Twenty four hours after the illegal leak of Windows NT and Windows 2000 source code triggered new security fears for Microsoft
customers, industry analysts said the incident could be a blessing in disguise for Microsoft’s attempts to speed up enterprise migration to its Windows XP operating system.
According to statistics from research firm Gartner, approximately 70 percent of U.S. enterprises are running Windows 2000 or Windows NT desktops. Still, they say a chunk of source code in the hands of malicious hackers is not necessarily a doom-and-gloom scenario.
“There is a widespread misconception that the release of this code could mean ‘zero day’ attacks against the Windows 2000 and NT operation systems,” said Gartner security analyst John Pescatore, speaking about online attacks that do not require user activation. “I don’t think the security concern today is a big deal,” he told internetnews.com.
“The Linux source has been open and out there from day one but we don’t say zero day attacks against Linux. Windows NT is now seven years old. Windows 2000 is now four years. Why do people think this will lead to zero day attacks?”
Still, Pescatore said there are enough jitters among IT administrators that could speed up operating system migration plans.
“We’re not advising clients to rush to dump NT and Windows 2000 because of this code leak. But, I can see this helping Microsoft because of the misconception. Some companies that initially planned to wait until 2005 to move over to XP might get scared and accelerate the move.”
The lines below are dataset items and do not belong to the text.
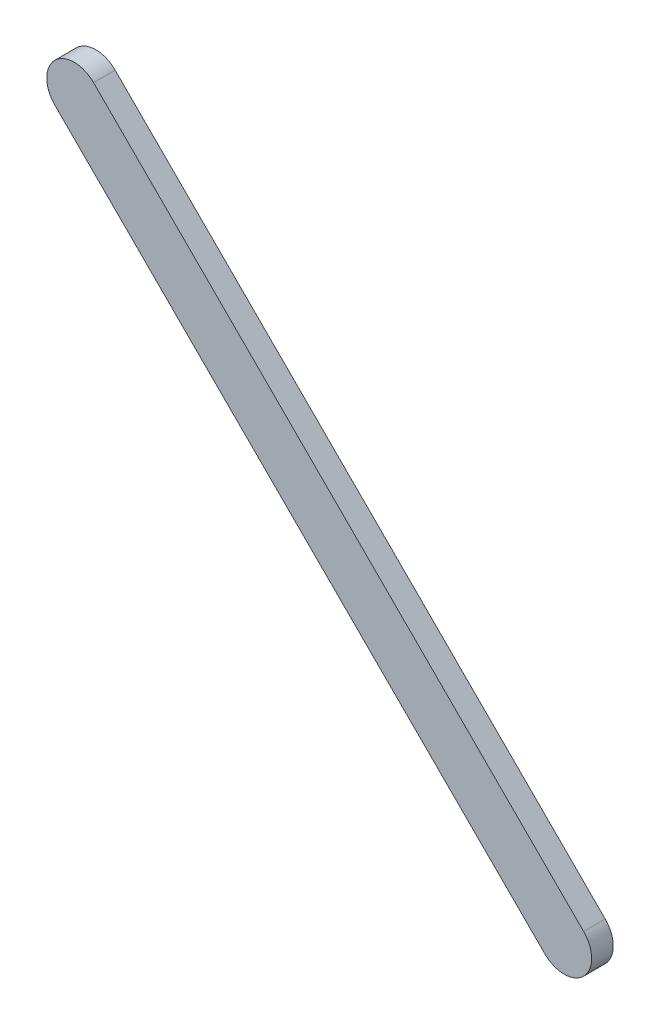
ISO-10303-21;
HEADER;
FILE_DESCRIPTION(('STEP AP214'),'2;1');
FILE_NAME('part.step','',(''),(''),'','','');
FILE_SCHEMA(('AUTOMOTIVE_DESIGN { 1 0 10303 214 1 1 1 1 }'));
ENDSEC;
DATA;
#1=APPLICATION_CONTEXT('core data for automotive mechanical design processes');
#2=APPLICATION_PROTOCOL_DEFINITION('international standard','automotive_design',2000,#1);
#3=PRODUCT_CONTEXT('',#1,'mechanical');
#4=PRODUCT('Part','Part','',(#3));
#5=PRODUCT_RELATED_PRODUCT_CATEGORY('part','',(#4));
#6=PRODUCT_DEFINITION_FORMATION('','',#4);
#7=PRODUCT_DEFINITION_CONTEXT('part definition',#1,'design');
#8=PRODUCT_DEFINITION('design','',#6,#7);
#9=PRODUCT_DEFINITION_SHAPE('','',#8);
#10=(LENGTH_UNIT() NAMED_UNIT(*) SI_UNIT(.MILLI.,.METRE.));
#11=(NAMED_UNIT(*) PLANE_ANGLE_UNIT() SI_UNIT($,.RADIAN.));
#12=(NAMED_UNIT(*) SI_UNIT($,.STERADIAN.) SOLID_ANGLE_UNIT());
#13=UNCERTAINTY_MEASURE_WITH_UNIT(LENGTH_MEASURE(1.E-05),#10,'distance_accuracy_value','');
#14=(GEOMETRIC_REPRESENTATION_CONTEXT(3) GLOBAL_UNCERTAINTY_ASSIGNED_CONTEXT((#13)) GLOBAL_UNIT_ASSIGNED_CONTEXT((#10,
#11,#12)) REPRESENTATION_CONTEXT('',''));
#15=CARTESIAN_POINT('',(0.,0.,0.));
#16=DIRECTION('',(0.,0.,1.));
#17=DIRECTION('',(1.,0.,0.));
#18=AXIS2_PLACEMENT_3D('',#15,#16,#17);
#19=CARTESIAN_POINT('',(115.8800578,119.26953286,0.));
#20=DIRECTION('',(0.707106781186548,0.707106781186548,0.));
#21=DIRECTION('',(0.707106781186548,-0.707106781186548,0.));
#22=AXIS2_PLACEMENT_3D('',#19,#20,#21);
#23=PLANE('',#22);
#24=DIRECTION('',(0.707106781186548,-0.707106781186548,0.));
#25=VECTOR('',#24,1.);
#26=CARTESIAN_POINT('',(115.8800578,119.26953286,0.1999996));
#27=LINE('',#26,#25);
#28=CARTESIAN_POINT('',(115.8800578,119.26953286,0.1999996));
#29=VERTEX_POINT('',#28);
#30=CARTESIAN_POINT('',(120.41959406,114.7299966,0.1999996));
#31=VERTEX_POINT('',#30);
#32=EDGE_CURVE('E11',#29,#31,#27,.T.);
#33=ORIENTED_EDGE('',*,*,#32,.F.);
#34=DIRECTION('',(0.,0.,1.));
#35=VECTOR('',#34,1.);
#36=CARTESIAN_POINT('',(115.8800578,119.26953286,0.));
#37=LINE('',#36,#35);
#38=CARTESIAN_POINT('',(115.8800578,119.26953286,0.));
#39=VERTEX_POINT('',#38);
#40=EDGE_CURVE('E24',#39,#29,#37,.T.);
#41=ORIENTED_EDGE('',*,*,#40,.F.);
#42=DIRECTION('',(0.707106781186548,-0.707106781186548,0.));
#43=VECTOR('',#42,1.);
#44=CARTESIAN_POINT('',(115.8800578,119.26953286,0.));
#45=LINE('',#44,#43);
#46=CARTESIAN_POINT('',(120.41959406,114.7299966,0.));
#47=VERTEX_POINT('',#46);
#48=EDGE_CURVE('E75',#39,#47,#45,.T.);
#49=ORIENTED_EDGE('',*,*,#48,.T.);
#50=DIRECTION('',(0.,0.,1.));
#51=VECTOR('',#50,1.);
#52=CARTESIAN_POINT('',(120.41959406,114.7299966,0.));
#53=LINE('',#52,#51);
#54=EDGE_CURVE('E37',#47,#31,#53,.T.);
#55=ORIENTED_EDGE('',*,*,#54,.T.);
#56=EDGE_LOOP('',(#33,#41,#49,#55));
#57=FACE_BOUND('',#56,.T.);
#58=ADVANCED_FACE('F17',(#57),#23,.F.);
#59=CARTESIAN_POINT('',(120.59919873,114.90960127,0.));
#60=DIRECTION('',(0.,0.,-1.));
#61=DIRECTION('',(-0.707106781186576,-0.70710678118652,0.));
#62=AXIS2_PLACEMENT_3D('',#59,#60,#61);
#63=CYLINDRICAL_SURFACE('',#62,0.253999360179546);
#64=CARTESIAN_POINT('',(120.59919873,114.90960127,0.1999996));
#65=DIRECTION('',(0.,0.,1.));
#66=DIRECTION('',(-0.707106781186576,-0.70710678118652,0.));
#67=AXIS2_PLACEMENT_3D('',#64,#65,#66);
#68=CIRCLE('',#67,0.253999360179546);
#69=CARTESIAN_POINT('',(120.7788034,115.08920594,0.1999996));
#70=VERTEX_POINT('',#69);
#71=EDGE_CURVE('E83',#31,#70,#68,.T.);
#72=ORIENTED_EDGE('',*,*,#71,.F.);
#73=ORIENTED_EDGE('',*,*,#54,.F.);
#74=CARTESIAN_POINT('',(120.59919873,114.90960127,0.));
#75=DIRECTION('',(0.,0.,1.));
#76=DIRECTION('',(-0.707106781186576,-0.70710678118652,0.));
#77=AXIS2_PLACEMENT_3D('',#74,#75,#76);
#78=CIRCLE('',#77,0.253999360179546);
#79=CARTESIAN_POINT('',(120.7788034,115.08920594,0.));
#80=VERTEX_POINT('',#79);
#81=EDGE_CURVE('E81',#47,#80,#78,.T.);
#82=ORIENTED_EDGE('',*,*,#81,.T.);
#83=DIRECTION('',(0.,0.,1.));
#84=VECTOR('',#83,1.);
#85=CARTESIAN_POINT('',(120.7788034,115.08920594,0.));
#86=LINE('',#85,#84);
#87=EDGE_CURVE('E67',#80,#70,#86,.T.);
#88=ORIENTED_EDGE('',*,*,#87,.T.);
#89=EDGE_LOOP('',(#72,#73,#82,#88));
#90=FACE_BOUND('',#89,.T.);
#91=ADVANCED_FACE('F89',(#90),#63,.T.);
#92=CARTESIAN_POINT('',(120.7788034,115.08920594,0.));
#93=DIRECTION('',(-0.707106781186548,-0.707106781186548,0.));
#94=DIRECTION('',(-0.707106781186548,0.707106781186548,0.));
#95=AXIS2_PLACEMENT_3D('',#92,#93,#94);
#96=PLANE('',#95);
#97=DIRECTION('',(-0.707106781186548,0.707106781186548,0.));
#98=VECTOR('',#97,1.);
#99=CARTESIAN_POINT('',(120.7788034,115.08920594,0.1999996));
#100=LINE('',#99,#98);
#101=CARTESIAN_POINT('',(116.23926714,119.6287422,0.1999996));
#102=VERTEX_POINT('',#101);
#103=EDGE_CURVE('E71',#70,#102,#100,.T.);
#104=ORIENTED_EDGE('',*,*,#103,.F.);
#105=ORIENTED_EDGE('',*,*,#87,.F.);
#106=DIRECTION('',(-0.707106781186548,0.707106781186548,0.));
#107=VECTOR('',#106,1.);
#108=CARTESIAN_POINT('',(120.7788034,115.08920594,0.));
#109=LINE('',#108,#107);
#110=CARTESIAN_POINT('',(116.23926714,119.6287422,0.));
#111=VERTEX_POINT('',#110);
#112=EDGE_CURVE('E63',#80,#111,#109,.T.);
#113=ORIENTED_EDGE('',*,*,#112,.T.);
#114=DIRECTION('',(0.,0.,1.));
#115=VECTOR('',#114,1.);
#116=CARTESIAN_POINT('',(116.23926714,119.6287422,0.));
#117=LINE('',#116,#115);
#118=EDGE_CURVE('E53',#111,#102,#117,.T.);
#119=ORIENTED_EDGE('',*,*,#118,.T.);
#120=EDGE_LOOP('',(#104,#105,#113,#119));
#121=FACE_BOUND('',#120,.T.);
#122=ADVANCED_FACE('F66',(#121),#96,.F.);
#123=CARTESIAN_POINT('',(116.05966247,119.44913753,0.));
#124=DIRECTION('',(0.,0.,-1.));
#125=DIRECTION('',(0.70710678118652,0.707106781186576,0.));
#126=AXIS2_PLACEMENT_3D('',#123,#124,#125);
#127=CYLINDRICAL_SURFACE('',#126,0.253999360179542);
#128=CARTESIAN_POINT('',(116.05966247,119.44913753,0.1999996));
#129=DIRECTION('',(0.,0.,1.));
#130=DIRECTION('',(0.70710678118652,0.707106781186576,0.));
#131=AXIS2_PLACEMENT_3D('',#128,#129,#130);
#132=CIRCLE('',#131,0.253999360179542);
#133=EDGE_CURVE('E59',#102,#29,#132,.T.);
#134=ORIENTED_EDGE('',*,*,#133,.F.);
#135=ORIENTED_EDGE('',*,*,#118,.F.);
#136=CARTESIAN_POINT('',(116.05966247,119.44913753,0.));
#137=DIRECTION('',(0.,0.,1.));
#138=DIRECTION('',(0.70710678118652,0.707106781186576,0.));
#139=AXIS2_PLACEMENT_3D('',#136,#137,#138);
#140=CIRCLE('',#139,0.253999360179542);
#141=EDGE_CURVE('E57',#111,#39,#140,.T.);
#142=ORIENTED_EDGE('',*,*,#141,.T.);
#143=ORIENTED_EDGE('',*,*,#40,.T.);
#144=EDGE_LOOP('',(#134,#135,#142,#143));
#145=FACE_BOUND('',#144,.T.);
#146=ADVANCED_FACE('F55',(#145),#127,.T.);
#147=CARTESIAN_POINT('',(115.8800578,119.26953286,0.));
#148=DIRECTION('',(0.,0.,-1.));
#149=DIRECTION('',(-1.,0.,0.));
#150=AXIS2_PLACEMENT_3D('',#147,#148,#149);
#151=PLANE('',#150);
#152=ORIENTED_EDGE('',*,*,#141,.F.);
#153=ORIENTED_EDGE('',*,*,#112,.F.);
#154=ORIENTED_EDGE('',*,*,#81,.F.);
#155=ORIENTED_EDGE('',*,*,#48,.F.);
#156=EDGE_LOOP('',(#152,#153,#154,#155));
#157=FACE_BOUND('',#156,.T.);
#158=ADVANCED_FACE('F74',(#157),#151,.T.);
#159=CARTESIAN_POINT('',(115.8800578,119.26953286,0.1999996));
#160=DIRECTION('',(0.,0.,-1.));
#161=DIRECTION('',(-1.,0.,0.));
#162=AXIS2_PLACEMENT_3D('',#159,#160,#161);
#163=PLANE('',#162);
#164=ORIENTED_EDGE('',*,*,#32,.T.);
#165=ORIENTED_EDGE('',*,*,#71,.T.);
#166=ORIENTED_EDGE('',*,*,#103,.T.);
#167=ORIENTED_EDGE('',*,*,#133,.T.);
#168=EDGE_LOOP('',(#164,#165,#166,#167));
#169=FACE_BOUND('',#168,.T.);
#170=ADVANCED_FACE('F91',(#169),#163,.F.);
#171=CLOSED_SHELL('',(#58,#91,#122,#146,#158,#170));
#172=MANIFOLD_SOLID_BREP('B1',#171);
#173=ADVANCED_BREP_SHAPE_REPRESENTATION('',(#18,#172),#14);
#174=SHAPE_DEFINITION_REPRESENTATION(#9,#173);
ENDSEC;
END-ISO-10303-21;

Many security experts were sharing Pescatore’s sentiments on mailing lists and discussion boards Friday. Russ Cooper, security consultant and editor of the NT Bugtraq list, said it would be very surprising if the code leak resulted in any significant new risk. “Given how hard people have pounded away at the binaries in the past, pouring over 55,000 source files to find
something new in old versions will likely/hopefully be a very unfulfilling task,” Cooper said in a note to the Bugtraq list.
According to Cooper, the chunks of code specifically related to Windows NT 4.0 SP3, all relating to NT 4.0 Server except IIS (Internet Information Server), Microsoft’s Web server.
It includes some code for Internet Explorer version 4. Another 338MB download that was in circulation on Internet sites was a small subset of Windows 2000 SP1 (service pack 1). He said the Windows 2000 code contains three references to Mainsoft, a San Jose, Calif.-based strategic software partner of Microsoft.
A published report has identified Mainsoft as the origin of the Windows 2000 leak but Microsoft has declined comment. Company spokesman Tom Pilla told internetnews.com that the code leak did not come from within Microsoft itself. “It’s fairly clear that this was not shown to be any breach of the Microsoft corporate network or Microsoft internal security.”
Yankee Group analyst Laura DiDio believes it is much too early to assume an automatic security danger, especially since Microsoft has made it very clear the leaked code cannot be recompiled. “I don’t think this will cause IT admins to panic and recommend an immediate move to XP. I think many enterprises will proceed as planned with their deployment time table and this episode won’t affect that.”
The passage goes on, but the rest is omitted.